Recorded data:

• • •

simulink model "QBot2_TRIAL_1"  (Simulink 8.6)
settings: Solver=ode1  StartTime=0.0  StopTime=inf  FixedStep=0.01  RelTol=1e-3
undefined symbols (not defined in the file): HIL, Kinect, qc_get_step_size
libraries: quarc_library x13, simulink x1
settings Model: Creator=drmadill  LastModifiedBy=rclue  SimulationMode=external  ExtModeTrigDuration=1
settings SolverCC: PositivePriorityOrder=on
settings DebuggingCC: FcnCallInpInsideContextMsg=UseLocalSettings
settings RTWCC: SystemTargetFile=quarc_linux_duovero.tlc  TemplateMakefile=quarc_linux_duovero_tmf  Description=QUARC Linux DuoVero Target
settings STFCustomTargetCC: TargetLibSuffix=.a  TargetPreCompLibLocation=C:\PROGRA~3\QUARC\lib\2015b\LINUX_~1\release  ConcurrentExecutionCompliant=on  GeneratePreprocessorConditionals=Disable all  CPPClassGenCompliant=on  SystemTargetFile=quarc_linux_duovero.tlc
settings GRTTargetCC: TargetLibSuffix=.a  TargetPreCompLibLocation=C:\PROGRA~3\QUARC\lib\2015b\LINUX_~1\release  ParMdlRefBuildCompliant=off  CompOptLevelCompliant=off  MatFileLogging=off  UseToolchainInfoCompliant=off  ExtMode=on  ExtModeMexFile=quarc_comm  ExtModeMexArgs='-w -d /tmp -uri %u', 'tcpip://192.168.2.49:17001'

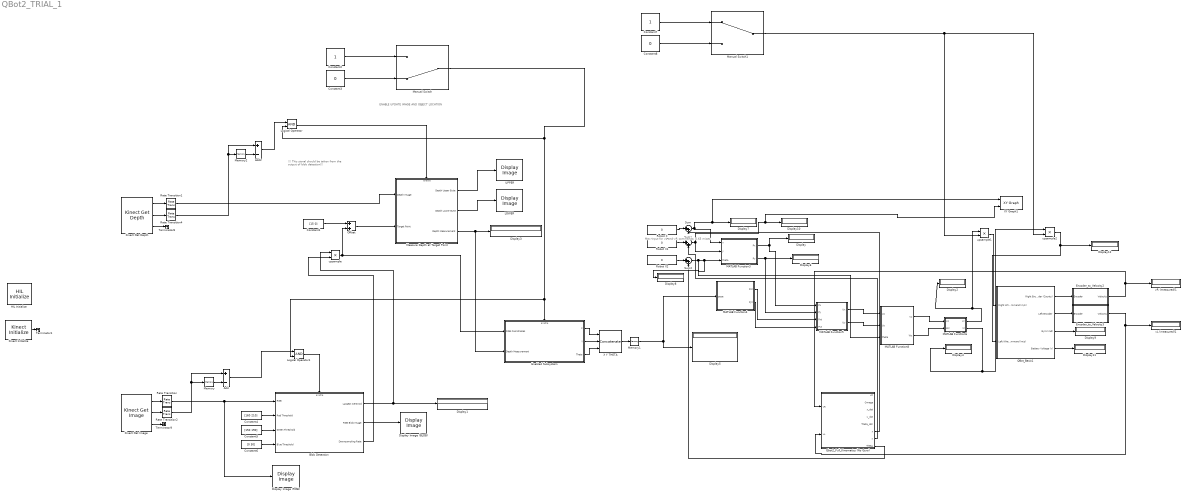
== system QBot2_TRIAL_1 ==
  note: ENABLE UPDATE IMAGE AND OBJECT LOCATION
  note: !!! This signal should be taken from the output of blob detection!!!
  note: Max input for vL and vR commands: 0.65 m/sec
  Add : Sum  Inputs=+-
  Add2 : Sum  Inputs=+-
  Blob Detection : Subsystem  TreatAsAtomicUnit=on
  Constant1 : Constant  Value=[15 0]
  Constant2 : Constant
  Constant3 : Constant  Value=0
  Constant4 : Constant  Value=[160 210]
  Constant5 : Constant  Value=[150 190]
  Constant6 : Constant  Value=[0 30]
  Constant7 : Constant
  Constant8 : Constant  Value=0
  Display{,1..12} (13 alike) : Display
  Display Image (BLOB) : quarc_library/Sinks/Figures/Display Image  figure_mode=Use figure window  figure_tag=figure1  axes_tag=axes1  update_rate=1  initial_position="167  215  854  628"  initial_visibility=off  sample_time=-1  axes_only=off  orig_size=off
  Display Image (RGB) : quarc_library/Sinks/Figures/Display Image  figure_mode=Use figure window  figure_tag=figure1  axes_tag=axes1  update_rate=1  initial_position="328  208  854  628"  initial_visibility=off  sample_time=-1  axes_only=off  orig_size=off
  Enabled Subsystem : Subsystem  TreatAsAtomicUnit=on
  Encoder_to_Velocity2 : Subsystem
  Encoder_to_Velocity3 : Subsystem
  HIL Initialize : quarc_library/Data Acquisition/Generic/Configuration/HIL Initialize  Priority=-99  object_name=HIL-1  board_type=qbot2  board_number=0  board_options=enc0_dir=0;enc0_filter=1;enc0_a=0;enc0_b=0;enc0_z=1;enc0_reload=0;enc1_dir=0;enc1_filter=1;enc1_a=0;enc1_b=0;enc1_z=1;enc1_reload=0;pwm0_immediate=0;pwm1_immediate=0;pwm2_immediate=0;pwm3_immediate=0;  exclusive=off  active=off  hardware_clocks=[]  clock_modes=[]  initial_clock_frequencies=[]  set_clock_params_at_start=off  set_clock_params_at_switch_in=off  set_clock_frequencies_at_start=off  set_clock_frequencies_at_switch_in=off  analog_input_channels=[0:9]  analog_input_maximums=[5 5 5 5 16.5 3.3 3.3 3.3 3.3]  analog_input_minimums=[0 0 0 0 0 0 0 0 0]  set_analog_input_params_at_start=off  set_analog_input_params_at_switch_in=off  analog_output_channels=[]  analog_output_maximums=[]  analog_output_minimums=[]  initial_analog_outputs=[]  final_analog_outputs=[]  watchdog_analog_outputs=[]  set_analog_output_params_at_start=off  set_analog_output_params_at_switch_in=off  set_analog_outputs_at_start=off  set_analog_outputs_at_switch_in=off  set_analog_outputs_at_terminate=off  set_analog_outputs_at_switch_out=off  set_analog_outputs_on_watchdog=off  digital_input_channels=[]  digital_output_channels=[]  digital_output_configuration=[]  initial_digital_outputs=[0]  final_digital_outputs=[0]  watchdog_digital_outputs=[0]  set_digital_output_params_at_start=off  set_digital_output_params_at_switch_in=off  set_digital_outputs_at_start=on  set_digital_outputs_at_switch_in=off  set_digital_outputs_at_terminate=on  set_digital_outputs_at_switch_out=off  set_digital_outputs_on_watchdog=on  encoder_channels=[0:3]  quadrature=[4]  encoder_filter_frequency=[]  initial_encoder_counts=[0]  set_encoder_params_at_start=on  set_encoder_params_at_switch_in=off  set_encoder_counts_at_start=on  set_encoder_counts_at_switch_in=off  pwm_channels=[0:3]  pwm_modes=[0]  pwm_frequency=[20e6/1024]  pwm_configuration=[0]  pwm_alignment=[0]  pwm_polarity=[1]  pwm_leading_deadband=[0]  pwm_trailing_deadband=[0]  initial_pwm_outputs=[0]  final_pwm_outputs=[0]  watchdog_pwm_outputs=[0]  set_pwm_params_at_start=on  set_pwm_params_at_switch_in=off  set_pwm_outputs_at_start=on  set_pwm_outputs_at_switch_in=off  set_pwm_outputs_at_terminate=on  set_pwm_outputs_at_switch_out=off  set_pwm_outputs_on_watchdog=on  other_output_channels=[2000:2001 14000 16000]  initial_other_outputs=[0 0 0 7]  final_other_outputs=[0 0 0 7]  watchdog_other_outputs=[]  set_other_outputs_at_start=on  set_other_outputs_at_switch_in=off  set_other_outputs_at_terminate=on  set_other_outputs_at_switch_out=off  set_other_outputs_on_watchdog=off
  Kinect Get Depth : quarc_library/Multimedia/Kinect Get Depth  object_name=Kinect-1  resolution=640 x 480  sample_time=qc_get_step_size * ceil(0.1 / qc_get_step_size)  show_player=off
  Kinect Get Image : quarc_library/Multimedia/Kinect Get Image  object_name=Kinect-1  sensor_type=color  resolution=640 x 480  output_format=MATLAB RGB (HxWx3)  data_type=uint8  backlight=average brightness  flicker=none  brightness=0.2156  gain=1.0  gamma=2.2  autoexposure=on  exposure=0  contrast=1.0  sharpness=0.5  hue=0.0  saturation=1.0  autobalance=on  balance=2700  frame_interval=0  sample_time=qc_get_step_size * ceil(0.1 / qc_get_step_size)
  Kinect Initialize : quarc_library/Multimedia/Kinect Initialize  object_name=Kinect-1  kinect_type=Kinect for XBox 360  identifier=0  sample_time=qc_get_step_size * ceil(0.033 / qc_get_step_size)  active=on
  LOWER : quarc_library/Sinks/Figures/Display Image  figure_mode=Use figure window  figure_tag=figure1  axes_tag=axes1  update_rate=1  initial_position="340  252  854  628"  initial_visibility=off  sample_time=-1  axes_only=off  orig_size=off
  Logical Operator : Logic  AllPortsSameDT=off  OutDataTypeStr=boolean
  Logical Operator1 : Logic  AllPortsSameDT=off  OutDataTypeStr=boolean
  MATLAB Function3 : MATLAB Function  TreatAsAtomicUnit=on
  MATLAB Function4 : MATLAB Function  TreatAsAtomicUnit=on
  MATLAB Function5 : MATLAB Function  TreatAsAtomicUnit=on
  MATLAB Function6 : MATLAB Function  TreatAsAtomicUnit=on
  MATLAB Function8 : MATLAB Function  TreatAsAtomicUnit=on
  Manual Switch : ManualSwitch  CurrentSetting=0
  Manual Switch1 : ManualSwitch
  Measure Depth at Target Point : Subsystem  TreatAsAtomicUnit=on
  Memory : Memory
  Memory1 : Memory
  Memory2 : Memory
  Offset : Sum
  QBot_Basic1 : Subsystem
  Qbot2_Full_Kinematics (No Gyro) : Subsystem
  Rate Transition{,1..2,4} (4 alike) : RateTransition
  Robot X : Constant  Value=0
  Robot X1 : Constant  Value=0
  Robot X2 : Constant  Value=0
  Sum : Sum  Inputs=|++
  Sum1 : Sum  Inputs=|++
  Sum2 : Sum  Inputs=|++
  Terminator1 : Terminator
  Terminator8 : Terminator
  Terminator9 : Terminator
  UPPER : quarc_library/Sinks/Figures/Display Image  figure_mode=Use figure window  figure_tag=figure1  axes_tag=axes1  update_rate=1  initial_position="188  236  854  628"  initial_visibility=off  sample_time=-1  axes_only=off  orig_size=off
  X Y THETA : Concatenate  NumInputs=3  ConcatenateDimension=3
  XY Graph1 : simulink/Sinks/XY Graph  xmin=-3  xmax=3  ymin=-3  ymax=3  st=-1
  upsample : Product
  upsample1 : Product
  upsample2 : Product
  vL (measured)1 : Display
  vR (measured)1 : Display
  wires:
  Kinect Initialize/1 -> Terminator1/1
  Rate Transition4/1 -> Add2/1, Memory2/1
  Memory2/1 -> Add2/2
  Kinect Get Depth/1 -> Rate Transition1/1
  Kinect Get Depth/2 -> Rate Transition4/1
  Kinect Get Depth/3 -> Terminator8/1
  Constant4/1 -> Blob Detection/2(Red Threshold)
  Constant5/1 -> Blob Detection/3(Green Threshold)
  Constant6/1 -> Blob Detection/4(Blue Threshold)
  Kinect Get Image/1 -> Rate Transition/1
  Kinect Get Image/2 -> Rate Transition2/1
  Rate Transition2/1 -> Add/1, Memory/1
  Kinect Get Image/3 -> Terminator9/1
  Rate Transition/1 -> Display Image (RGB)/1, Blob Detection/1(RGB)
  Blob Detection/2(RGB Blob Image) -> Display Image (BLOB)/1
  Rate Transition1/1 -> Measure Depth at Target Point/1(Depth Image)
  Constant1/1 -> Offset/1
  Measure Depth at Target Point/3(Depth Measurement) -> Enabled Subsystem/2(Depth Measurement), Display3/1
  Blob Detection/1(Largest Centroid) -> upsample/1, Display1/1
  Blob Detection/3(Downsampling Rate) -> upsample/2
  Measure Depth at Target Point/1(Depth Upper Byte) -> UPPER/1
  Measure Depth at Target Point/2(Depth Lower Byte) -> LOWER/1
  Offset/1 -> Measure Depth at Target Point/2(Target Point)
  Memory/1 -> Add/2
  MATLAB Function4/1(Pxt) -> MATLAB Function5/3(Pxt)
  MATLAB Function4/2(Pyt) -> MATLAB Function5/4(Pyt)
  MATLAB Function3/2(Py) -> MATLAB Function5/2(Py), Display6/1
  MATLAB Function3/1(Px) -> MATLAB Function5/1(Px), Display/1
  Sum2/1 -> MATLAB Function8/3(theta), Display8/1, MATLAB Function3/3(theta)
  Robot X2/1 -> Sum2/1
  Robot X/1 -> Sum/1
  Robot X1/1 -> Sum1/1
  MATLAB Function5/1(Ux) -> MATLAB Function8/1(Ux)
  MATLAB Function5/2(Uy) -> MATLAB Function8/2(Uy)
  MATLAB Function8/1(Vc) -> MATLAB Function6/1(Vc)
  MATLAB Function8/2(Wc) -> MATLAB Function6/2(Wc)
  MATLAB Function6/1(Vr) -> upsample1/1, Display2/1
  MATLAB Function6/2(Vl) -> Display4/1, upsample2/1
  QBot_Basic1/1(Right Encoder (Counts)) -> Encoder_to_Velocity2/1(Encoder)
  QBot_Basic1/2(Left Encoder) -> Encoder_to_Velocity3/1(Encoder)
  QBot_Basic1/3(Gyro (rad)) -> Display9/1
  QBot_Basic1/4(Battery Voltage (v)) -> Display11/1
  Encoder_to_Velocity2/1(Velocity) -> Qbot2_Full_Kinematics (No Gyro)/1(vR), vR (measured)1/1
  Encoder_to_Velocity3/1(Velocity) -> Qbot2_Full_Kinematics (No Gyro)/2(vL), vL (measured)1/1
  Sum1/1 -> MATLAB Function3/2(y), XY Graph1/2, Display10/1
  Sum/1 -> MATLAB Function3/1(x), XY Graph1/1, Display7/1
  Qbot2_Full_Kinematics (No Gyro)/6(x) -> Sum/2
  Qbot2_Full_Kinematics (No Gyro)/7(y) -> Sum1/2
  Qbot2_Full_Kinematics (No Gyro)/8(Theta) -> Sum2/2
  upsample/1 -> Offset/2, Enabled Subsystem/1(RGB Coordinates)
  Enabled Subsystem/2(Y) -> X Y THETA/2
  Enabled Subsystem/1(X) -> X Y THETA/1
  Enabled Subsystem/3(Theta) -> X Y THETA/3
  Constant3/1 -> Manual Switch/2
  Constant2/1 -> Manual Switch/1
  Manual Switch/1 -> Logical Operator/2, Logical Operator1/2, Enabled Subsystem/Enable
  X Y THETA/1 -> Memory1/1
  Memory1/1 -> MATLAB Function4/1(pose), Display5/1
  upsample1/1 -> QBot_Basic1/1(Right Wheel Command (m/s))
  upsample2/1 -> Display12/1, QBot_Basic1/2(Left Wheel Command (m/s))
  Constant8/1 -> Manual Switch1/2
  Constant7/1 -> Manual Switch1/1
  Manual Switch1/1 -> upsample2/2, upsample1/2
  Add2/1 -> Logical Operator/1
  Add/1 -> Logical Operator1/1
  Logical Operator1/1 -> Blob Detection/Enable
  Logical Operator/1 -> Measure Depth at Target Point/Enable

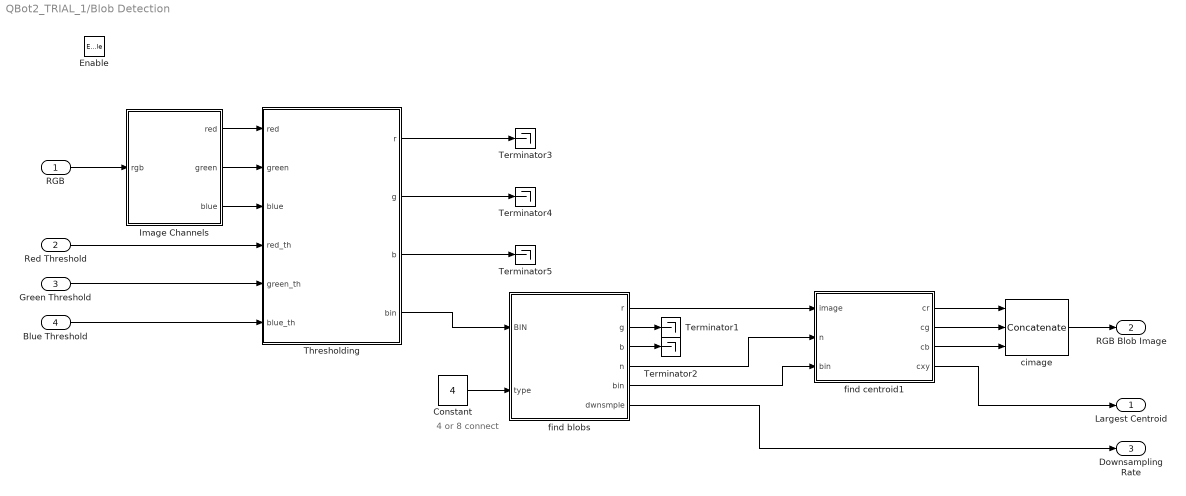
== system QBot2_TRIAL_1/Blob Detection ==
  note: 4 or 8 connect
  RGB : Inport
  Red Threshold : Inport  Port=2
  Green Threshold : Inport  Port=3
  Blue Threshold : Inport  Port=4
  Enable : EnablePort
  Constant : Constant  Value=4
  Image Channels : Subsystem
  Terminator{1..5} (5 alike) : Terminator
  Thresholding : MATLAB Function  TreatAsAtomicUnit=on
  cimage : Concatenate  NumInputs=3  Mode=Multidimensional array  ConcatenateDimension=3
  find blobs : MATLAB Function  TreatAsAtomicUnit=on
  find centroid1 : MATLAB Function  TreatAsAtomicUnit=on
  Largest Centroid : Outport
  RGB Blob Image : Outport  Port=2
  Downsampling Rate : Outport  Port=3
  wires:
  Image Channels/1(red) -> Thresholding/1(red)
  Image Channels/2(green) -> Thresholding/2(green)
  Image Channels/3(blue) -> Thresholding/3(blue)
  Thresholding/4(bin) -> find blobs/1(BIN)
  RGB/1 -> Image Channels/1(rgb)
  Blue Threshold/1 -> Thresholding/6(blue_th)
  Green Threshold/1 -> Thresholding/5(green_th)
  Red Threshold/1 -> Thresholding/4(red_th)
  Constant/1 -> find blobs/2(type)
  find blobs/2(g) -> Terminator1/1
  find blobs/3(b) -> Terminator2/1
  find blobs/1(r) -> find centroid1/1(image)
  find blobs/4(n) -> find centroid1/2(n)
  find centroid1/4(cxy) -> Largest Centroid/1
  find centroid1/1(cr) -> cimage/1
  find centroid1/2(cg) -> cimage/2
  find centroid1/3(cb) -> cimage/3
  cimage/1 -> RGB Blob Image/1
  Thresholding/1(r) -> Terminator3/1
  Thresholding/2(g) -> Terminator4/1
  Thresholding/3(b) -> Terminator5/1
  find blobs/6(dwnsmple) -> Downsampling Rate/1
  find blobs/5(bin) -> find centroid1/3(bin)

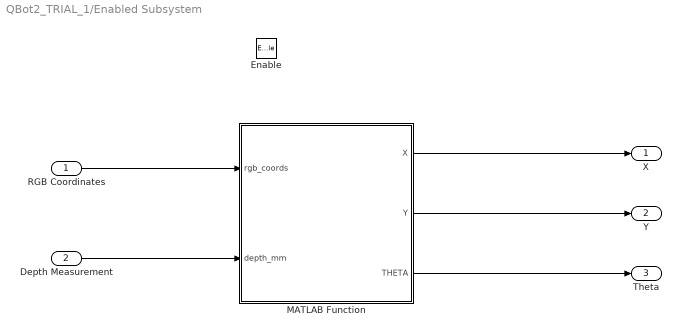
== system QBot2_TRIAL_1/Enabled Subsystem ==
  RGB Coordinates : Inport
  Depth Measurement : Inport  Port=2
  Enable : EnablePort
  MATLAB Function : MATLAB Function  TreatAsAtomicUnit=on
  X : Outport
  Y : Outport  Port=2
  Theta : Outport  Port=3
  wires:
  RGB Coordinates/1 -> MATLAB Function/1(rgb_coords)
  Depth Measurement/1 -> MATLAB Function/2(depth_mm)
  MATLAB Function/1(X) -> X/1
  MATLAB Function/2(Y) -> Y/1
  MATLAB Function/3(THETA) -> Theta/1

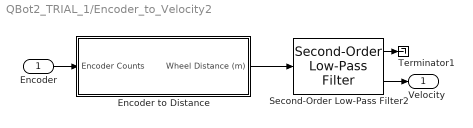
== system QBot2_TRIAL_1/Encoder_to_Velocity2 ==
  Encoder : Inport
  Encoder to Distance : Subsystem
  Second-Order Low-Pass Filter2 : quarc_library/Continuous/Second-Order Low-Pass Filter  params_source=Internal (dialog parameters)  input_width=10  input_zeta=1  input_init=0
  Terminator1 : Terminator
  Velocity : Outport
  wires:
  Second-Order Low-Pass Filter2/2 -> Velocity/1
  Encoder/1 -> Encoder to Distance/1(Encoder Counts)
  Encoder to Distance/1(Wheel Distance (m)) -> Second-Order Low-Pass Filter2/1
  Second-Order Low-Pass Filter2/1 -> Terminator1/1

== system QBot2_TRIAL_1/Encoder_to_Velocity3 ==
  Encoder : Inport
  Encoder to Distance : Subsystem
  Second-Order Low-Pass Filter2 : quarc_library/Continuous/Second-Order Low-Pass Filter  params_source=Internal (dialog parameters)  input_width=10  input_zeta=1  input_init=0
  Terminator1 : Terminator
  Velocity : Outport
  wires:
  Second-Order Low-Pass Filter2/2 -> Velocity/1
  Encoder/1 -> Encoder to Distance/1(Encoder Counts)
  Encoder to Distance/1(Wheel Distance (m)) -> Second-Order Low-Pass Filter2/1
  Second-Order Low-Pass Filter2/1 -> Terminator1/1

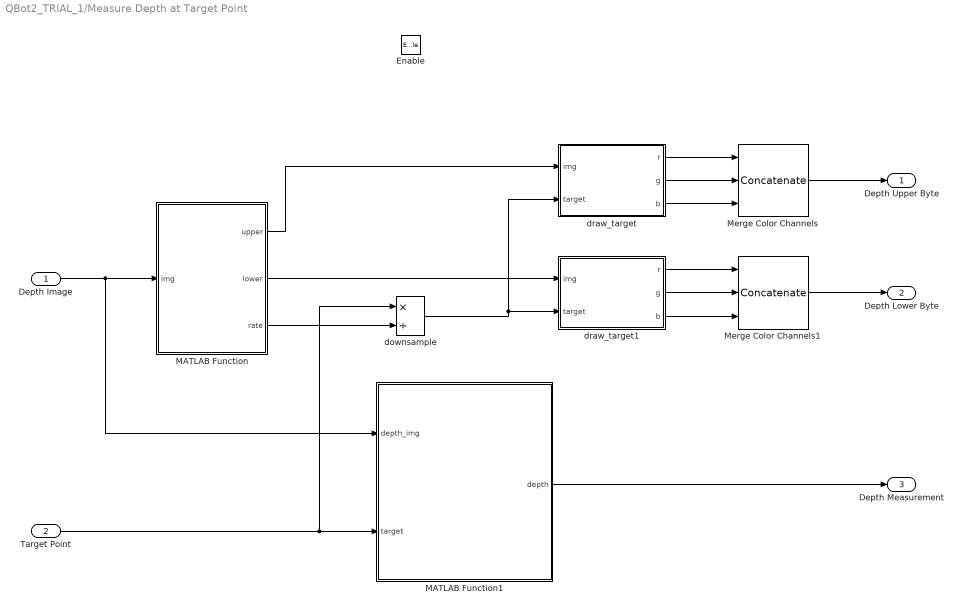
== system QBot2_TRIAL_1/Measure Depth at Target Point ==
  Depth Image : Inport
  Target Point : Inport  Port=2
  Enable : EnablePort
  MATLAB Function : MATLAB Function  TreatAsAtomicUnit=on
  MATLAB Function1 : MATLAB Function  TreatAsAtomicUnit=on
  Merge Color Channels : Concatenate  NumInputs=3  Mode=Multidimensional array  ConcatenateDimension=3
  Merge Color Channels1 : Concatenate  NumInputs=3  Mode=Multidimensional array  ConcatenateDimension=3
  downsample : Product  Inputs=*/
  draw_target : MATLAB Function  TreatAsAtomicUnit=on
  draw_target1 : MATLAB Function  TreatAsAtomicUnit=on
  Depth Upper Byte : Outport
  Depth Lower Byte : Outport  Port=2
  Depth Measurement : Outport  Port=3
  wires:
  Merge Color Channels/1 -> Depth Upper Byte/1
  Depth Image/1 -> MATLAB Function1/1(depth_img), MATLAB Function/1(img)
  draw_target/1(r) -> Merge Color Channels/1
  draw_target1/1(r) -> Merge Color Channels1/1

• • •

* **Directions for this task**:
Leave the pictures out and repeat exactly the lines from the beginning of the records to the line bearing "note: !!! This", both ends counted.

* **Answer section**:
simulink model "QBot2_TRIAL_1"  (Simulink 8.6)
settings: Solver=ode1  StartTime=0.0  StopTime=inf  FixedStep=0.01  RelTol=1e-3
undefined symbols (not defined in the file): HIL, Kinect, qc_get_step_size
libraries: quarc_library x13, simulink x1
settings Model: Creator=drmadill  LastModifiedBy=rclue  SimulationMode=external  ExtModeTrigDuration=1
settings SolverCC: PositivePriorityOrder=on
settings DebuggingCC: FcnCallInpInsideContextMsg=UseLocalSettings
settings RTWCC: SystemTargetFile=quarc_linux_duovero.tlc  TemplateMakefile=quarc_linux_duovero_tmf  Description=QUARC Linux DuoVero Target
settings STFCustomTargetCC: TargetLibSuffix=.a  TargetPreCompLibLocation=C:\PROGRA~3\QUARC\lib\2015b\LINUX_~1\release  ConcurrentExecutionCompliant=on  GeneratePreprocessorConditionals=Disable all  CPPClassGenCompliant=on  SystemTargetFile=quarc_linux_duovero.tlc
settings GRTTargetCC: TargetLibSuffix=.a  TargetPreCompLibLocation=C:\PROGRA~3\QUARC\lib\2015b\LINUX_~1\release  ParMdlRefBuildCompliant=off  CompOptLevelCompliant=off  MatFileLogging=off  UseToolchainInfoCompliant=off  ExtMode=on  ExtModeMexFile=quarc_comm  ExtModeMexArgs='-w -d /tmp -uri %u', 'tcpip://192.168.2.49:17001'

== system QBot2_TRIAL_1 ==
  note: ENABLE UPDATE IMAGE AND OBJECT LOCATION
  note: !!! This signal should be taken from the output of blob detection!!!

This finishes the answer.